No, 'Cold Mountain' is a full-length novel. I thought it was good and it had a happy ending, unlike the movie.

Confused It had the SAME ending as the movie?

And I thought both were crap.

gingajewel · 12/06/2019 17:01

I recently tried to read catcher in the rye and hated it!!

leckford · 12/06/2019 17:08

Catcher in the Rye, annoying and pointless
Ulysses = I just cannot read it
The Secret History
Atlas Shrugged - Ayn Ryan makes no sense to me whatever had to force myself to finish it

kierenthecommunity · 12/06/2019 17:15

Gerald's Game - Stephen King (the only one of his I didn't like)

Did you ever read Needful Things? That was terrible. Read like he’d phoned it in.

kierenthecommunity · 12/06/2019 17:19

I absolutely loved Flowers in the Attic as a teen and avidly read the whole series as a sexually interested teen. Came across it a few years ago in a charity shop and decided to have a trip down memory lane - my word what a load of perverted tosh

While I agree it was weird as, I didn’t mind FITA. But the sequels! Weren’t they just three books about how desirable Cathy was and how every man she encountered fell madly in love with her? She didn’t have many redeeming qualities from what I could tell either, apart from being pretty (the latter she was painfully aware of too as she made enough references to how fabulous she looked)

ConradKnightSocks · 12/06/2019 17:19

The Kite Runner - was astounded it is held in such high regard. I thought a pp's nickname for it was very apt: The Shite Runner

Agree re. Captain Corelli.

The Martian - read like it was written by some nerdy sixth former for his a-level coursework. Just awful.

Also thought Birdsong was terrible. All those cringey sex scenes 😱

Theknacktoflying · 12/06/2019 17:21

But this is a bit defeatist .... a book does its job even if it invokes fits of rage ...

It is those books where you get to the end and are just instantly forgettable .... when you actually ask yourself when reading the synopsis if you remember it ...

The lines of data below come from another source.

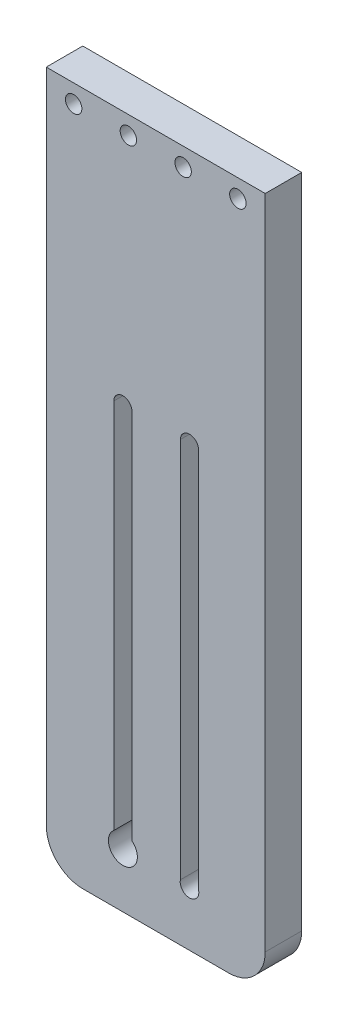
ISO-10303-21;
HEADER;
FILE_DESCRIPTION(('STEP AP214'),'2;1');
FILE_NAME('part.step','',(''),(''),'','','');
FILE_SCHEMA(('AUTOMOTIVE_DESIGN { 1 0 10303 214 1 1 1 1 }'));
ENDSEC;
DATA;
#1=APPLICATION_CONTEXT('core data for automotive mechanical design processes');
#2=APPLICATION_PROTOCOL_DEFINITION('international standard','automotive_design',2000,#1);
#3=PRODUCT_CONTEXT('',#1,'mechanical');
#4=PRODUCT('Part','Part','',(#3));
#5=PRODUCT_RELATED_PRODUCT_CATEGORY('part','',(#4));
#6=PRODUCT_DEFINITION_FORMATION('','',#4);
#7=PRODUCT_DEFINITION_CONTEXT('part definition',#1,'design');
#8=PRODUCT_DEFINITION('design','',#6,#7);
#9=PRODUCT_DEFINITION_SHAPE('','',#8);
#10=(LENGTH_UNIT() NAMED_UNIT(*) SI_UNIT(.MILLI.,.METRE.));
#11=(NAMED_UNIT(*) PLANE_ANGLE_UNIT() SI_UNIT($,.RADIAN.));
#12=(NAMED_UNIT(*) SI_UNIT($,.STERADIAN.) SOLID_ANGLE_UNIT());
#13=UNCERTAINTY_MEASURE_WITH_UNIT(LENGTH_MEASURE(1.E-05),#10,'distance_accuracy_value','');
#14=(GEOMETRIC_REPRESENTATION_CONTEXT(3) GLOBAL_UNCERTAINTY_ASSIGNED_CONTEXT((#13)) GLOBAL_UNIT_ASSIGNED_CONTEXT((#10,
#11,#12)) REPRESENTATION_CONTEXT('',''));
#15=CARTESIAN_POINT('',(0.,0.,0.));
#16=DIRECTION('',(0.,0.,1.));
#17=DIRECTION('',(1.,0.,0.));
#18=AXIS2_PLACEMENT_3D('',#15,#16,#17);
#19=CARTESIAN_POINT('',(0.,0.,10.));
#20=DIRECTION('',(0.,0.,1.));
#21=DIRECTION('',(1.,0.,0.));
#22=AXIS2_PLACEMENT_3D('',#19,#20,#21);
#23=PLANE('',#22);
#24=DIRECTION('',(0.,-1.,0.));
#25=VECTOR('',#24,1.);
#26=CARTESIAN_POINT('',(18.5,-175.,10.));
#27=LINE('',#26,#25);
#28=CARTESIAN_POINT('',(18.5,-70.,10.));
#29=VERTEX_POINT('',#28);
#30=CARTESIAN_POINT('',(18.5,-171.91763458323,10.));
#31=VERTEX_POINT('',#30);
#32=EDGE_CURVE('E235',#29,#31,#27,.T.);
#33=ORIENTED_EDGE('',*,*,#32,.F.);
#34=CARTESIAN_POINT('',(21.,-70.,10.));
#35=DIRECTION('',(0.,0.,1.));
#36=DIRECTION('',(1.,0.,0.));
#37=AXIS2_PLACEMENT_3D('',#34,#35,#36);
#38=CIRCLE('',#37,2.5);
#39=CARTESIAN_POINT('',(23.5,-70.,10.));
#40=VERTEX_POINT('',#39);
#41=EDGE_CURVE('E237',#40,#29,#38,.T.);
#42=ORIENTED_EDGE('',*,*,#41,.F.);
#43=DIRECTION('',(0.,1.,0.));
#44=VECTOR('',#43,1.);
#45=CARTESIAN_POINT('',(23.5,-175.,10.));
#46=LINE('',#45,#44);
#47=CARTESIAN_POINT('',(23.5,-171.91763458323,10.));
#48=VERTEX_POINT('',#47);
#49=EDGE_CURVE('E216',#48,#40,#46,.T.);
#50=ORIENTED_EDGE('',*,*,#49,.F.);
#51=CARTESIAN_POINT('',(21.,-175.,10.));
#52=DIRECTION('',(0.,0.,1.));
#53=DIRECTION('',(1.,0.,0.));
#54=AXIS2_PLACEMENT_3D('',#51,#52,#53);
#55=CIRCLE('',#54,3.96874999999999);
#56=EDGE_CURVE('E267',#31,#48,#55,.T.);
#57=ORIENTED_EDGE('',*,*,#56,.F.);
#58=EDGE_LOOP('',(#33,#42,#50,#57));
#59=FACE_BOUND('',#58,.T.);
#60=DIRECTION('',(0.,-1.,0.));
#61=VECTOR('',#60,1.);
#62=CARTESIAN_POINT('',(36.75,-175.,10.));
#63=LINE('',#62,#61);
#64=CARTESIAN_POINT('',(36.75,-70.,10.));
#65=VERTEX_POINT('',#64);
#66=CARTESIAN_POINT('',(36.75,-174.483979370567,10.));
#67=VERTEX_POINT('',#66);
#68=EDGE_CURVE('E253',#65,#67,#63,.T.);
#69=ORIENTED_EDGE('',*,*,#68,.F.);
#70=CARTESIAN_POINT('',(39.25,-70.,10.));
#71=DIRECTION('',(0.,0.,1.));
#72=DIRECTION('',(1.,0.,0.));
#73=AXIS2_PLACEMENT_3D('',#70,#71,#72);
#74=CIRCLE('',#73,2.5);
#75=CARTESIAN_POINT('',(41.75,-70.,10.));
#76=VERTEX_POINT('',#75);
#77=EDGE_CURVE('E261',#76,#65,#74,.T.);
#78=ORIENTED_EDGE('',*,*,#77,.F.);
#79=DIRECTION('',(0.,1.,0.));
#80=VECTOR('',#79,1.);
#81=CARTESIAN_POINT('',(41.75,-175.,10.));
#82=LINE('',#81,#80);
#83=CARTESIAN_POINT('',(41.75,-174.483979370567,10.));
#84=VERTEX_POINT('',#83);
#85=EDGE_CURVE('E247',#84,#76,#82,.T.);
#86=ORIENTED_EDGE('',*,*,#85,.F.);
#87=CARTESIAN_POINT('',(39.25,-175.,10.));
#88=DIRECTION('',(0.,0.,1.));
#89=DIRECTION('',(1.,0.,0.));
#90=AXIS2_PLACEMENT_3D('',#87,#88,#89);
#91=CIRCLE('',#90,2.55269999999998);
#92=EDGE_CURVE('E273',#67,#84,#91,.T.);
#93=ORIENTED_EDGE('',*,*,#92,.F.);
#94=EDGE_LOOP('',(#69,#78,#86,#93));
#95=FACE_BOUND('',#94,.T.);
#96=CARTESIAN_POINT('',(52.5,-5.,10.));
#97=DIRECTION('',(0.,0.,1.));
#98=DIRECTION('',(1.,0.,0.));
#99=AXIS2_PLACEMENT_3D('',#96,#97,#98);
#100=CIRCLE('',#99,2.25);
#101=CARTESIAN_POINT('',(54.75,-5.,10.));
#102=VERTEX_POINT('',#101);
#103=EDGE_CURVE('E284',#102,#102,#100,.F.);
#104=ORIENTED_EDGE('',*,*,#103,.T.);
#105=EDGE_LOOP('',(#104));
#106=FACE_BOUND('',#105,.T.);
#107=CARTESIAN_POINT('',(37.5,-5.,10.));
#108=DIRECTION('',(0.,0.,1.));
#109=DIRECTION('',(1.,0.,0.));
#110=AXIS2_PLACEMENT_3D('',#107,#108,#109);
#111=CIRCLE('',#110,2.25);
#112=CARTESIAN_POINT('',(39.75,-5.,10.));
#113=VERTEX_POINT('',#112);
#114=EDGE_CURVE('E296',#113,#113,#111,.F.);
#115=ORIENTED_EDGE('',*,*,#114,.T.);
#116=EDGE_LOOP('',(#115));
#117=FACE_BOUND('',#116,.T.);
#118=DIRECTION('',(0.,-1.,0.));
#119=VECTOR('',#118,1.);
#120=CARTESIAN_POINT('',(0.,0.,10.));
#121=LINE('',#120,#119);
#122=CARTESIAN_POINT('',(0.,0.,10.));
#123=VERTEX_POINT('',#122);
#124=CARTESIAN_POINT('',(0.,-180.,10.));
#125=VERTEX_POINT('',#124);
#126=EDGE_CURVE('E328',#123,#125,#121,.T.);
#127=ORIENTED_EDGE('',*,*,#126,.T.);
#128=CARTESIAN_POINT('',(10.,-180.,10.));
#129=DIRECTION('',(0.,0.,1.));
#130=DIRECTION('',(1.,0.,0.));
#131=AXIS2_PLACEMENT_3D('',#128,#129,#130);
#132=CIRCLE('',#131,10.);
#133=CARTESIAN_POINT('',(10.,-190.,10.));
#134=VERTEX_POINT('',#133);
#135=EDGE_CURVE('E377',#125,#134,#132,.T.);
#136=ORIENTED_EDGE('',*,*,#135,.T.);
#137=DIRECTION('',(1.,0.,0.));
#138=VECTOR('',#137,1.);
#139=CARTESIAN_POINT('',(0.,-190.,10.));
#140=LINE('',#139,#138);
#141=CARTESIAN_POINT('',(50.,-190.,10.));
#142=VERTEX_POINT('',#141);
#143=EDGE_CURVE('E331',#134,#142,#140,.T.);
#144=ORIENTED_EDGE('',*,*,#143,.T.);
#145=CARTESIAN_POINT('',(50.,-180.,10.));
#146=DIRECTION('',(0.,0.,1.));
#147=DIRECTION('',(1.,0.,0.));
#148=AXIS2_PLACEMENT_3D('',#145,#146,#147);
#149=CIRCLE('',#148,10.);
#150=CARTESIAN_POINT('',(60.,-180.,10.));
#151=VERTEX_POINT('',#150);
#152=EDGE_CURVE('E375',#142,#151,#149,.T.);
#153=ORIENTED_EDGE('',*,*,#152,.T.);
#154=DIRECTION('',(0.,1.,0.));
#155=VECTOR('',#154,1.);
#156=CARTESIAN_POINT('',(60.,-150.,10.));
#157=LINE('',#156,#155);
#158=CARTESIAN_POINT('',(60.,0.,10.));
#159=VERTEX_POINT('',#158);
#160=EDGE_CURVE('E335',#151,#159,#157,.T.);
#161=ORIENTED_EDGE('',*,*,#160,.T.);
#162=DIRECTION('',(-1.,0.,0.));
#163=VECTOR('',#162,1.);
#164=CARTESIAN_POINT('',(0.,0.,10.));
#165=LINE('',#164,#163);
#166=EDGE_CURVE('E337',#159,#123,#165,.T.);
#167=ORIENTED_EDGE('',*,*,#166,.T.);
#168=EDGE_LOOP('',(#127,#136,#144,#153,#161,#167));
#169=FACE_BOUND('',#168,.T.);
#170=CARTESIAN_POINT('',(7.5,-5.,10.));
#171=DIRECTION('',(0.,0.,1.));
#172=DIRECTION('',(1.,0.,0.));
#173=AXIS2_PLACEMENT_3D('',#170,#171,#172);
#174=CIRCLE('',#173,2.25);
#175=CARTESIAN_POINT('',(9.75,-5.,10.));
#176=VERTEX_POINT('',#175);
#177=EDGE_CURVE('E320',#176,#176,#174,.F.);
#178=ORIENTED_EDGE('',*,*,#177,.T.);
#179=EDGE_LOOP('',(#178));
#180=FACE_BOUND('',#179,.T.);
#181=CARTESIAN_POINT('',(22.5,-5.,10.));
#182=DIRECTION('',(0.,0.,1.));
#183=DIRECTION('',(1.,0.,0.));
#184=AXIS2_PLACEMENT_3D('',#181,#182,#183);
#185=CIRCLE('',#184,2.25);
#186=CARTESIAN_POINT('',(24.75,-5.,10.));
#187=VERTEX_POINT('',#186);
#188=EDGE_CURVE('E308',#187,#187,#185,.F.);
#189=ORIENTED_EDGE('',*,*,#188,.T.);
#190=EDGE_LOOP('',(#189));
#191=FACE_BOUND('',#190,.T.);
#192=ADVANCED_FACE('F37',(#59,#95,#106,#117,#169,#180,#191),#23,.T.);
#193=CARTESIAN_POINT('',(0.,0.,10.));
#194=DIRECTION('',(1.,0.,0.));
#195=DIRECTION('',(0.,1.,0.));
#196=AXIS2_PLACEMENT_3D('',#193,#194,#195);
#197=PLANE('',#196);
#198=DIRECTION('',(0.,-1.,0.));
#199=VECTOR('',#198,1.);
#200=CARTESIAN_POINT('',(0.,0.,0.));
#201=LINE('',#200,#199);
#202=CARTESIAN_POINT('',(0.,0.,0.));
#203=VERTEX_POINT('',#202);
#204=CARTESIAN_POINT('',(0.,-180.,0.));
#205=VERTEX_POINT('',#204);
#206=EDGE_CURVE('E323',#203,#205,#201,.T.);
#207=ORIENTED_EDGE('',*,*,#206,.T.);
#208=DIRECTION('',(0.,0.,-1.));
#209=VECTOR('',#208,1.);
#210=CARTESIAN_POINT('',(0.,-180.,10.));
#211=LINE('',#210,#209);
#212=EDGE_CURVE('E373',#205,#125,#211,.F.);
#213=ORIENTED_EDGE('',*,*,#212,.T.);
#214=ORIENTED_EDGE('',*,*,#126,.F.);
#215=DIRECTION('',(0.,0.,-1.));
#216=VECTOR('',#215,1.);
#217=CARTESIAN_POINT('',(0.,0.,10.));
#218=LINE('',#217,#216);
#219=EDGE_CURVE('E339',#123,#203,#218,.T.);
#220=ORIENTED_EDGE('',*,*,#219,.T.);
#221=EDGE_LOOP('',(#207,#213,#214,#220));
#222=FACE_BOUND('',#221,.T.);
#223=ADVANCED_FACE('F526',(#222),#197,.F.);
#224=CARTESIAN_POINT('',(0.,-190.,10.));
#225=DIRECTION('',(0.,1.,0.));
#226=DIRECTION('',(0.,0.,1.));
#227=AXIS2_PLACEMENT_3D('',#224,#225,#226);
#228=PLANE('',#227);
#229=ORIENTED_EDGE('',*,*,#143,.F.);
#230=DIRECTION('',(0.,0.,-1.));
#231=VECTOR('',#230,1.);
#232=CARTESIAN_POINT('',(10.,-190.,10.));
#233=LINE('',#232,#231);
#234=CARTESIAN_POINT('',(10.,-190.,0.));
#235=VERTEX_POINT('',#234);
#236=EDGE_CURVE('E366',#134,#235,#233,.T.);
#237=ORIENTED_EDGE('',*,*,#236,.T.);
#238=DIRECTION('',(1.,0.,0.));
#239=VECTOR('',#238,1.);
#240=CARTESIAN_POINT('',(0.,-190.,0.));
#241=LINE('',#240,#239);
#242=CARTESIAN_POINT('',(50.,-190.,0.));
#243=VERTEX_POINT('',#242);
#244=EDGE_CURVE('E342',#235,#243,#241,.T.);
#245=ORIENTED_EDGE('',*,*,#244,.T.);
#246=DIRECTION('',(0.,0.,-1.));
#247=VECTOR('',#246,1.);
#248=CARTESIAN_POINT('',(50.,-190.,10.));
#249=LINE('',#248,#247);
#250=EDGE_CURVE('E364',#243,#142,#249,.F.);
#251=ORIENTED_EDGE('',*,*,#250,.T.);
#252=EDGE_LOOP('',(#229,#237,#245,#251));
#253=FACE_BOUND('',#252,.T.);
#254=ADVANCED_FACE('F531',(#253),#228,.F.);
#255=CARTESIAN_POINT('',(60.,0.,10.));
#256=DIRECTION('',(-1.,0.,0.));
#257=DIRECTION('',(0.,-1.,0.));
#258=AXIS2_PLACEMENT_3D('',#255,#256,#257);
#259=PLANE('',#258);
#260=ORIENTED_EDGE('',*,*,#160,.F.);
#261=DIRECTION('',(0.,0.,-1.));
#262=VECTOR('',#261,1.);
#263=CARTESIAN_POINT('',(60.,-180.,10.));
#264=LINE('',#263,#262);
#265=CARTESIAN_POINT('',(60.,-180.,0.));
#266=VERTEX_POINT('',#265);
#267=EDGE_CURVE('E379',#151,#266,#264,.T.);
#268=ORIENTED_EDGE('',*,*,#267,.T.);
#269=DIRECTION('',(0.,1.,0.));
#270=VECTOR('',#269,1.);
#271=CARTESIAN_POINT('',(60.,0.,0.));
#272=LINE('',#271,#270);
#273=CARTESIAN_POINT('',(60.,0.,0.));
#274=VERTEX_POINT('',#273);
#275=EDGE_CURVE('E345',#266,#274,#272,.T.);
#276=ORIENTED_EDGE('',*,*,#275,.T.);
#277=DIRECTION('',(0.,0.,-1.));
#278=VECTOR('',#277,1.);
#279=CARTESIAN_POINT('',(60.,0.,10.));
#280=LINE('',#279,#278);
#281=EDGE_CURVE('E350',#159,#274,#280,.T.);
#282=ORIENTED_EDGE('',*,*,#281,.F.);
#283=EDGE_LOOP('',(#260,#268,#276,#282));
#284=FACE_BOUND('',#283,.T.);
#285=ADVANCED_FACE('F521',(#284),#259,.F.);
#286=CARTESIAN_POINT('',(0.,0.,10.));
#287=DIRECTION('',(0.,-1.,0.));
#288=DIRECTION('',(0.,0.,-1.));
#289=AXIS2_PLACEMENT_3D('',#286,#287,#288);
#290=PLANE('',#289);
#291=DIRECTION('',(-1.,0.,0.));
#292=VECTOR('',#291,1.);
#293=CARTESIAN_POINT('',(0.,0.,0.));
#294=LINE('',#293,#292);
#295=EDGE_CURVE('E332',#274,#203,#294,.T.);
#296=ORIENTED_EDGE('',*,*,#295,.T.);
#297=ORIENTED_EDGE('',*,*,#219,.F.);
#298=ORIENTED_EDGE('',*,*,#166,.F.);
#299=ORIENTED_EDGE('',*,*,#281,.T.);
#300=EDGE_LOOP('',(#296,#297,#298,#299));
#301=FACE_BOUND('',#300,.T.);
#302=ADVANCED_FACE('F512',(#301),#290,.F.);
#303=CARTESIAN_POINT('',(0.,0.,0.));
#304=DIRECTION('',(0.,0.,1.));
#305=DIRECTION('',(1.,0.,0.));
#306=AXIS2_PLACEMENT_3D('',#303,#304,#305);
#307=PLANE('',#306);
#308=DIRECTION('',(0.,1.,0.));
#309=VECTOR('',#308,1.);
#310=CARTESIAN_POINT('',(19.9,-15.,0.));
#311=LINE('',#310,#309);
#312=CARTESIAN_POINT('',(19.9,-50.5278640450004,0.));
#313=VERTEX_POINT('',#312);
#314=CARTESIAN_POINT('',(19.9,-19.,0.));
#315=VERTEX_POINT('',#314);
#316=EDGE_CURVE('E452',#313,#315,#311,.T.);
#317=ORIENTED_EDGE('',*,*,#316,.F.);
#318=CARTESIAN_POINT('',(15.9,-50.5278640450004,0.));
#319=DIRECTION('',(0.,0.,1.));
#320=DIRECTION('',(1.,0.,0.));
#321=AXIS2_PLACEMENT_3D('',#318,#319,#320);
#322=CIRCLE('',#321,4.);
#323=CARTESIAN_POINT('',(18.5666666666667,-53.5092880150001,0.));
#324=VERTEX_POINT('',#323);
#325=EDGE_CURVE('E407',#313,#324,#322,.F.);
#326=ORIENTED_EDGE('',*,*,#325,.T.);
#327=CARTESIAN_POINT('',(19.9,-55.,0.));
#328=DIRECTION('',(0.,0.,-1.));
#329=DIRECTION('',(-1.,0.,0.));
#330=AXIS2_PLACEMENT_3D('',#327,#328,#329);
#331=CIRCLE('',#330,2.);
#332=CARTESIAN_POINT('',(21.3907119849999,-56.3333333333333,0.));
#333=VERTEX_POINT('',#332);
#334=EDGE_CURVE('E455',#333,#324,#331,.T.);
#335=ORIENTED_EDGE('',*,*,#334,.F.);
#336=CARTESIAN_POINT('',(24.3721359549996,-59.,0.));
#337=DIRECTION('',(0.,0.,1.));
#338=DIRECTION('',(1.,0.,0.));
#339=AXIS2_PLACEMENT_3D('',#336,#337,#338);
#340=CIRCLE('',#339,4.);
#341=CARTESIAN_POINT('',(24.3721359549996,-55.,0.));
#342=VERTEX_POINT('',#341);
#343=EDGE_CURVE('E402',#333,#342,#340,.F.);
#344=ORIENTED_EDGE('',*,*,#343,.T.);
#345=DIRECTION('',(-1.,0.,0.));
#346=VECTOR('',#345,1.);
#347=CARTESIAN_POINT('',(40.1,-55.,0.));
#348=LINE('',#347,#346);
#349=CARTESIAN_POINT('',(35.6278640450004,-55.,0.));
#350=VERTEX_POINT('',#349);
#351=EDGE_CURVE('E240',#350,#342,#348,.T.);
#352=ORIENTED_EDGE('',*,*,#351,.F.);
#353=CARTESIAN_POINT('',(35.6278640450004,-59.,0.));
#354=DIRECTION('',(0.,0.,1.));
#355=DIRECTION('',(1.,0.,0.));
#356=AXIS2_PLACEMENT_3D('',#353,#354,#355);
#357=CIRCLE('',#356,4.);
#358=CARTESIAN_POINT('',(38.6092880150001,-56.3333333333333,0.));
#359=VERTEX_POINT('',#358);
#360=EDGE_CURVE('E52',#350,#359,#357,.F.);
#361=ORIENTED_EDGE('',*,*,#360,.T.);
#362=CARTESIAN_POINT('',(40.1,-55.,0.));
#363=DIRECTION('',(0.,0.,-1.));
#364=DIRECTION('',(-1.,0.,0.));
#365=AXIS2_PLACEMENT_3D('',#362,#363,#364);
#366=CIRCLE('',#365,2.);
#367=CARTESIAN_POINT('',(41.4333333333333,-53.5092880150001,0.));
#368=VERTEX_POINT('',#367);
#369=EDGE_CURVE('E448',#368,#359,#366,.T.);
#370=ORIENTED_EDGE('',*,*,#369,.F.);
#371=CARTESIAN_POINT('',(44.1,-50.5278640450004,0.));
#372=DIRECTION('',(0.,0.,1.));
#373=DIRECTION('',(1.,0.,0.));
#374=AXIS2_PLACEMENT_3D('',#371,#372,#373);
#375=CIRCLE('',#374,4.);
#376=CARTESIAN_POINT('',(40.1,-50.5278640450004,0.));
#377=VERTEX_POINT('',#376);
#378=EDGE_CURVE('E405',#368,#377,#375,.F.);
#379=ORIENTED_EDGE('',*,*,#378,.T.);
#380=DIRECTION('',(0.,-1.,0.));
#381=VECTOR('',#380,1.);
#382=CARTESIAN_POINT('',(40.1,-15.,0.));
#383=LINE('',#382,#381);
#384=CARTESIAN_POINT('',(40.1,-19.,0.));
#385=VERTEX_POINT('',#384);
#386=EDGE_CURVE('E470',#385,#377,#383,.T.);
#387=ORIENTED_EDGE('',*,*,#386,.F.);
#388=CARTESIAN_POINT('',(36.1,-19.,0.));
#389=DIRECTION('',(0.,0.,1.));
#390=DIRECTION('',(1.,0.,0.));
#391=AXIS2_PLACEMENT_3D('',#388,#389,#390);
#392=CIRCLE('',#391,4.);
#393=CARTESIAN_POINT('',(36.1,-15.,0.));
#394=VERTEX_POINT('',#393);
#395=EDGE_CURVE('E424',#385,#394,#392,.T.);
#396=ORIENTED_EDGE('',*,*,#395,.T.);
#397=DIRECTION('',(1.,0.,0.));
#398=VECTOR('',#397,1.);
#399=CARTESIAN_POINT('',(40.1,-15.,0.));
#400=LINE('',#399,#398);
#401=CARTESIAN_POINT('',(23.9,-15.,0.));
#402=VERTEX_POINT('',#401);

BiBiBirdie · 12/06/2019 17:26

My SIL raved about the Twilight books, literally wouldn't shut up about them and thrust them on me.
I got half way through the first one and couldn't force myself to read anymore. I was actually embarrassed that a sensible woman in her late 40s at the time thought they were great.
Worse still, she wanted my opinion on them so I had to be diplomatic. I've never taken any book recommendations from her since. She's as bad with films.